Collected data
------------------------

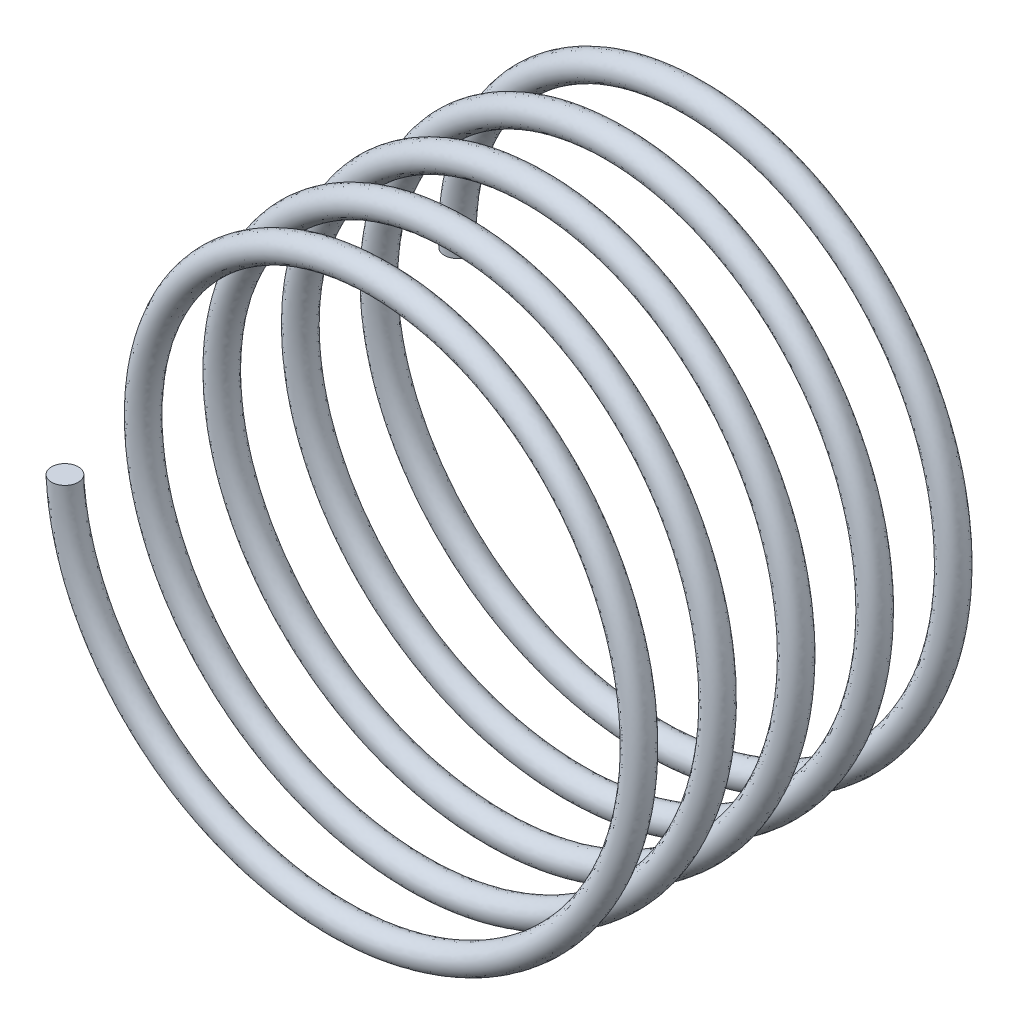
SolidWorks part; units mm, degrees
ref_plane "Front Plane" through (0, 0, 0) normal (0, 0, 1) x (1, 0, 0)
ref_plane "Top Plane" through (0, 0, 0) normal (0, 1, 0) x (1, 0, 0)
ref_plane "Right Plane" through (0, 0, 0) normal (1, 0, 0) x (0, 0, -1)
sketch "Sketch1" plane through (0, 0, 0) normal (0, 0, 1) x (1, 0, 0)
  circle A0 centre (0, 0) radius 5.08
curve "Helix/Spiral1" pitch 1.492 height 7.46 turns 5
sketch "Sketch4" plane through (0, 0, 0) normal (0, 1, 0) x (1, 0, 0)
  circle A0 centre (-5.0756, -7.465) radius 0.254
  point P2 (-5.321, -7.4312)
  point P3 (-5.7677, -6.6334)
  point P4 (-5.0756, -7.465)
sketch "Sketch7" plane through (0, 0, 0) normal (1, 0, 0) x (0, 0, -1)
  line L0 (-7.8437, 0.7778) -> (-9.2098, 0.7778)
  line L1 (0, -0.762) -> (1.3173, -0.762)
  arc A0 (-7.0817, 0.0158) -> (-7.8437, 0.7778) centre (-7.8437, 0.0158) ccw
  arc A1 (-0.762, 0) -> (0, -0.762) centre (0, 0) ccw
sweep "Sweep1" add profiles "Sketch4" path "Helix/Spiral1"

------------------------

__Task goal__
Could every line above be set down exactly, with the pictures omitted?

__Result for this exercise__
SolidWorks part; units mm, degrees
ref_plane "Front Plane" through (0, 0, 0) normal (0, 0, 1) x (1, 0, 0)
ref_plane "Top Plane" through (0, 0, 0) normal (0, 1, 0) x (1, 0, 0)
ref_plane "Right Plane" through (0, 0, 0) normal (1, 0, 0) x (0, 0, -1)
sketch "Sketch1" plane through (0, 0, 0) normal (0, 0, 1) x (1, 0, 0)
  circle A0 centre (0, 0) radius 5.08
curve "Helix/Spiral1" pitch 1.492 height 7.46 turns 5
sketch "Sketch4" plane through (0, 0, 0) normal (0, 1, 0) x (1, 0, 0)
  circle A0 centre (-5.0756, -7.465) radius 0.254
  point P2 (-5.321, -7.4312)
  point P3 (-5.7677, -6.6334)
  point P4 (-5.0756, -7.465)
sketch "Sketch7" plane through (0, 0, 0) normal (1, 0, 0) x (0, 0, -1)
  line L0 (-7.8437, 0.7778) -> (-9.2098, 0.7778)
  line L1 (0, -0.762) -> (1.3173, -0.762)
  arc A0 (-7.0817, 0.0158) -> (-7.8437, 0.7778) centre (-7.8437, 0.0158) ccw
  arc A1 (-0.762, 0) -> (0, -0.762) centre (0, 0) ccw
sweep "Sweep1" add profiles "Sketch4" path "Helix/Spiral1"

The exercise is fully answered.